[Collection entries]
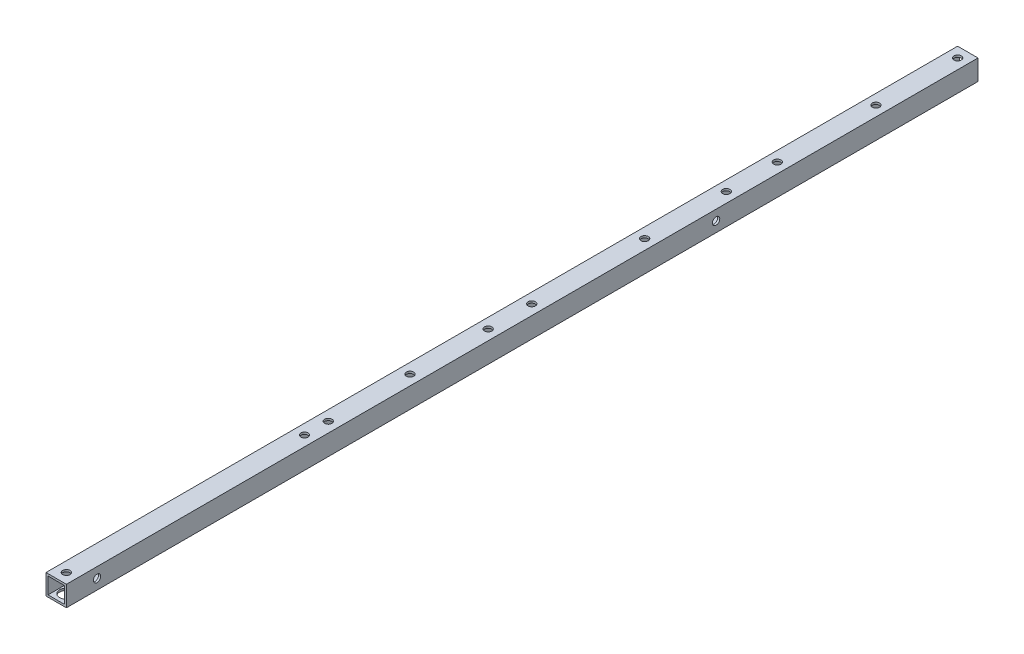
ISO-10303-21;
HEADER;
FILE_DESCRIPTION(('STEP AP214'),'2;1');
FILE_NAME('part.step','',(''),(''),'','','');
FILE_SCHEMA(('AUTOMOTIVE_DESIGN { 1 0 10303 214 1 1 1 1 }'));
ENDSEC;
DATA;
#1=APPLICATION_CONTEXT('core data for automotive mechanical design processes');
#2=APPLICATION_PROTOCOL_DEFINITION('international standard','automotive_design',2000,#1);
#3=PRODUCT_CONTEXT('',#1,'mechanical');
#4=PRODUCT('Part','Part','',(#3));
#5=PRODUCT_RELATED_PRODUCT_CATEGORY('part','',(#4));
#6=PRODUCT_DEFINITION_FORMATION('','',#4);
#7=PRODUCT_DEFINITION_CONTEXT('part definition',#1,'design');
#8=PRODUCT_DEFINITION('design','',#6,#7);
#9=PRODUCT_DEFINITION_SHAPE('','',#8);
#10=(LENGTH_UNIT() NAMED_UNIT(*) SI_UNIT(.MILLI.,.METRE.));
#11=(NAMED_UNIT(*) PLANE_ANGLE_UNIT() SI_UNIT($,.RADIAN.));
#12=(NAMED_UNIT(*) SI_UNIT($,.STERADIAN.) SOLID_ANGLE_UNIT());
#13=UNCERTAINTY_MEASURE_WITH_UNIT(LENGTH_MEASURE(1.E-05),#10,'distance_accuracy_value','');
#14=(GEOMETRIC_REPRESENTATION_CONTEXT(3) GLOBAL_UNCERTAINTY_ASSIGNED_CONTEXT((#13)) GLOBAL_UNIT_ASSIGNED_CONTEXT((#10,
#11,#12)) REPRESENTATION_CONTEXT('',''));
#15=CARTESIAN_POINT('',(0.,0.,0.));
#16=DIRECTION('',(0.,0.,1.));
#17=DIRECTION('',(1.,0.,0.));
#18=AXIS2_PLACEMENT_3D('',#15,#16,#17);
#19=CARTESIAN_POINT('',(-6.,-6.,670.));
#20=DIRECTION('',(0.,1.,0.));
#21=DIRECTION('',(0.,0.,1.));
#22=AXIS2_PLACEMENT_3D('',#19,#20,#21);
#23=PLANE('',#22);
#24=CARTESIAN_POINT('',(0.,-6.,320.5));
#25=DIRECTION('',(0.,1.,0.));
#26=DIRECTION('',(0.,0.,1.));
#27=AXIS2_PLACEMENT_3D('',#24,#25,#26);
#28=CIRCLE('',#27,4.99999999999999);
#29=CARTESIAN_POINT('',(0.,-6.,325.5));
#30=VERTEX_POINT('',#29);
#31=EDGE_CURVE('E638',#30,#30,#28,.F.);
#32=ORIENTED_EDGE('',*,*,#31,.T.);
#33=EDGE_LOOP('',(#32));
#34=FACE_BOUND('',#33,.T.);
#35=CARTESIAN_POINT('',(0.,-6.,662.5));
#36=DIRECTION('',(0.,1.,0.));
#37=DIRECTION('',(0.,0.,1.));
#38=AXIS2_PLACEMENT_3D('',#35,#36,#37);
#39=CIRCLE('',#38,5.00000000000001);
#40=CARTESIAN_POINT('',(0.,-6.,667.5));
#41=VERTEX_POINT('',#40);
#42=EDGE_CURVE('E196',#41,#41,#39,.T.);
#43=ORIENTED_EDGE('',*,*,#42,.F.);
#44=EDGE_LOOP('',(#43));
#45=FACE_BOUND('',#44,.T.);
#46=CARTESIAN_POINT('',(4.19131769982024E-12,-6.,410.));
#47=DIRECTION('',(0.,1.,0.));
#48=DIRECTION('',(0.,0.,1.));
#49=AXIS2_PLACEMENT_3D('',#46,#47,#48);
#50=CIRCLE('',#49,5.);
#51=CARTESIAN_POINT('',(4.19131769982024E-12,-6.,415.));
#52=VERTEX_POINT('',#51);
#53=EDGE_CURVE('E193',#52,#52,#50,.T.);
#54=ORIENTED_EDGE('',*,*,#53,.F.);
#55=EDGE_LOOP('',(#54));
#56=FACE_BOUND('',#55,.T.);
#57=CARTESIAN_POINT('',(5.84886213538092E-12,-6.,67.4999999999999));
#58=DIRECTION('',(0.,1.,0.));
#59=DIRECTION('',(0.,0.,1.));
#60=AXIS2_PLACEMENT_3D('',#57,#58,#59);
#61=CIRCLE('',#60,5.);
#62=CARTESIAN_POINT('',(5.84886213538092E-12,-6.,72.5));
#63=VERTEX_POINT('',#62);
#64=EDGE_CURVE('E190',#63,#63,#61,.T.);
#65=ORIENTED_EDGE('',*,*,#64,.F.);
#66=EDGE_LOOP('',(#65));
#67=FACE_BOUND('',#66,.T.);
#68=CARTESIAN_POINT('',(-3.10649990647104E-12,-6.,7.50000000000001));
#69=DIRECTION('',(0.,1.,0.));
#70=DIRECTION('',(0.,0.,1.));
#71=AXIS2_PLACEMENT_3D('',#68,#69,#70);
#72=CIRCLE('',#71,5.);
#73=CARTESIAN_POINT('',(-3.10649990647104E-12,-6.,12.5));
#74=VERTEX_POINT('',#73);
#75=EDGE_CURVE('E187',#74,#74,#72,.T.);
#76=ORIENTED_EDGE('',*,*,#75,.F.);
#77=EDGE_LOOP('',(#76));
#78=FACE_BOUND('',#77,.T.);
#79=CARTESIAN_POINT('',(0.,-6.,140.));
#80=DIRECTION('',(0.,1.,0.));
#81=DIRECTION('',(0.,0.,1.));
#82=AXIS2_PLACEMENT_3D('',#79,#80,#81);
#83=CIRCLE('',#82,5.);
#84=CARTESIAN_POINT('',(0.,-6.,145.));
#85=VERTEX_POINT('',#84);
#86=EDGE_CURVE('E184',#85,#85,#83,.T.);
#87=ORIENTED_EDGE('',*,*,#86,.F.);
#88=EDGE_LOOP('',(#87));
#89=FACE_BOUND('',#88,.T.);
#90=CARTESIAN_POINT('',(4.19131769982024E-12,-6.,470.));
#91=DIRECTION('',(0.,1.,0.));
#92=DIRECTION('',(0.,0.,1.));
#93=AXIS2_PLACEMENT_3D('',#90,#91,#92);
#94=CIRCLE('',#93,5.);
#95=CARTESIAN_POINT('',(4.19131769982024E-12,-6.,475.));
#96=VERTEX_POINT('',#95);
#97=EDGE_CURVE('E181',#96,#96,#94,.T.);
#98=ORIENTED_EDGE('',*,*,#97,.F.);
#99=EDGE_LOOP('',(#98));
#100=FACE_BOUND('',#99,.T.);
#101=CARTESIAN_POINT('',(0.,-6.,487.5));
#102=DIRECTION('',(0.,1.,0.));
#103=DIRECTION('',(0.,0.,1.));
#104=AXIS2_PLACEMENT_3D('',#101,#102,#103);
#105=CIRCLE('',#104,5.);
#106=CARTESIAN_POINT('',(0.,-6.,492.5));
#107=VERTEX_POINT('',#106);
#108=EDGE_CURVE('E178',#107,#107,#105,.T.);
#109=ORIENTED_EDGE('',*,*,#108,.F.);
#110=EDGE_LOOP('',(#109));
#111=FACE_BOUND('',#110,.T.);
#112=CARTESIAN_POINT('',(-4.63274860979666E-13,-6.,352.5));
#113=DIRECTION('',(0.,1.,0.));
#114=DIRECTION('',(0.,0.,1.));
#115=AXIS2_PLACEMENT_3D('',#112,#113,#114);
#116=CIRCLE('',#115,5.);
#117=CARTESIAN_POINT('',(-4.63274860979666E-13,-6.,357.5));
#118=VERTEX_POINT('',#117);
#119=EDGE_CURVE('E174',#118,#118,#116,.T.);
#120=ORIENTED_EDGE('',*,*,#119,.F.);
#121=EDGE_LOOP('',(#120));
#122=FACE_BOUND('',#121,.T.);
#123=CARTESIAN_POINT('',(0.,-6.,177.5));
#124=DIRECTION('',(0.,1.,0.));
#125=DIRECTION('',(0.,0.,1.));
#126=AXIS2_PLACEMENT_3D('',#123,#124,#125);
#127=CIRCLE('',#126,5.);
#128=CARTESIAN_POINT('',(0.,-6.,182.5));
#129=VERTEX_POINT('',#128);
#130=EDGE_CURVE('E171',#129,#129,#127,.T.);
#131=ORIENTED_EDGE('',*,*,#130,.F.);
#132=EDGE_LOOP('',(#131));
#133=FACE_BOUND('',#132,.T.);
#134=DIRECTION('',(1.,0.,0.));
#135=VECTOR('',#134,1.);
#136=CARTESIAN_POINT('',(-6.,-6.,0.));
#137=LINE('',#136,#135);
#138=CARTESIAN_POINT('',(-6.,-6.,0.));
#139=VERTEX_POINT('',#138);
#140=CARTESIAN_POINT('',(6.,-6.,0.));
#141=VERTEX_POINT('',#140);
#142=EDGE_CURVE('E116',#139,#141,#137,.T.);
#143=ORIENTED_EDGE('',*,*,#142,.F.);
#144=DIRECTION('',(0.,0.,-1.));
#145=VECTOR('',#144,1.);
#146=CARTESIAN_POINT('',(-6.,-6.,670.));
#147=LINE('',#146,#145);
#148=CARTESIAN_POINT('',(-6.,-6.,670.));
#149=VERTEX_POINT('',#148);
#150=EDGE_CURVE('E57',#149,#139,#147,.T.);
#151=ORIENTED_EDGE('',*,*,#150,.F.);
#152=DIRECTION('',(1.,0.,0.));
#153=VECTOR('',#152,1.);
#154=CARTESIAN_POINT('',(-6.,-6.,670.));
#155=LINE('',#154,#153);
#156=CARTESIAN_POINT('',(6.,-6.,670.));
#157=VERTEX_POINT('',#156);
#158=EDGE_CURVE('E130',#149,#157,#155,.T.);
#159=ORIENTED_EDGE('',*,*,#158,.T.);
#160=DIRECTION('',(0.,0.,-1.));
#161=VECTOR('',#160,1.);
#162=CARTESIAN_POINT('',(6.,-6.,670.));
#163=LINE('',#162,#161);
#164=EDGE_CURVE('E111',#157,#141,#163,.T.);
#165=ORIENTED_EDGE('',*,*,#164,.T.);
#166=EDGE_LOOP('',(#143,#151,#159,#165));
#167=FACE_BOUND('',#166,.T.);
#168=CARTESIAN_POINT('',(0.,-6.,237.5));
#169=DIRECTION('',(0.,1.,0.));
#170=DIRECTION('',(0.,0.,1.));
#171=AXIS2_PLACEMENT_3D('',#168,#169,#170);
#172=CIRCLE('',#171,4.99999999999999);
#173=CARTESIAN_POINT('',(0.,-6.,242.5));
#174=VERTEX_POINT('',#173);
#175=EDGE_CURVE('E628',#174,#174,#172,.F.);
#176=ORIENTED_EDGE('',*,*,#175,.T.);
#177=EDGE_LOOP('',(#176));
#178=FACE_BOUND('',#177,.T.);
#179=ADVANCED_FACE('F40',(#34,#45,#56,#67,#78,#89,#100,#111,#122,#133,#167,#178),#23,.T.);
#180=CARTESIAN_POINT('',(0.,0.,670.));
#181=DIRECTION('',(0.,0.,-1.));
#182=DIRECTION('',(-1.,0.,0.));
#183=AXIS2_PLACEMENT_3D('',#180,#181,#182);
#184=PLANE('',#183);
#185=DIRECTION('',(0.,1.,0.));
#186=VECTOR('',#185,1.);
#187=CARTESIAN_POINT('',(7.5,-7.5,670.));
#188=LINE('',#187,#186);
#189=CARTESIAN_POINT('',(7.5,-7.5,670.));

- [HOW TO COMPLETE THIS TASK]:
Give back exactly the lines above, from the line containing "#135=VECTOR('',#134,1.);" through the line containing "#163=LINE('',#162,#161);", with both end lines and nothing more.

- [RESPONSE TO THE EXERCISE]:
#135=VECTOR('',#134,1.);
#136=CARTESIAN_POINT('',(-6.,-6.,0.));
#137=LINE('',#136,#135);
#138=CARTESIAN_POINT('',(-6.,-6.,0.));
#139=VERTEX_POINT('',#138);
#140=CARTESIAN_POINT('',(6.,-6.,0.));
#141=VERTEX_POINT('',#140);
#142=EDGE_CURVE('E116',#139,#141,#137,.T.);
#143=ORIENTED_EDGE('',*,*,#142,.F.);
#144=DIRECTION('',(0.,0.,-1.));
#145=VECTOR('',#144,1.);
#146=CARTESIAN_POINT('',(-6.,-6.,670.));
#147=LINE('',#146,#145);
#148=CARTESIAN_POINT('',(-6.,-6.,670.));
#149=VERTEX_POINT('',#148);
#150=EDGE_CURVE('E57',#149,#139,#147,.T.);
#151=ORIENTED_EDGE('',*,*,#150,.F.);
#152=DIRECTION('',(1.,0.,0.));
#153=VECTOR('',#152,1.);
#154=CARTESIAN_POINT('',(-6.,-6.,670.));
#155=LINE('',#154,#153);
#156=CARTESIAN_POINT('',(6.,-6.,670.));
#157=VERTEX_POINT('',#156);
#158=EDGE_CURVE('E130',#149,#157,#155,.T.);
#159=ORIENTED_EDGE('',*,*,#158,.T.);
#160=DIRECTION('',(0.,0.,-1.));
#161=VECTOR('',#160,1.);
#162=CARTESIAN_POINT('',(6.,-6.,670.));
#163=LINE('',#162,#161);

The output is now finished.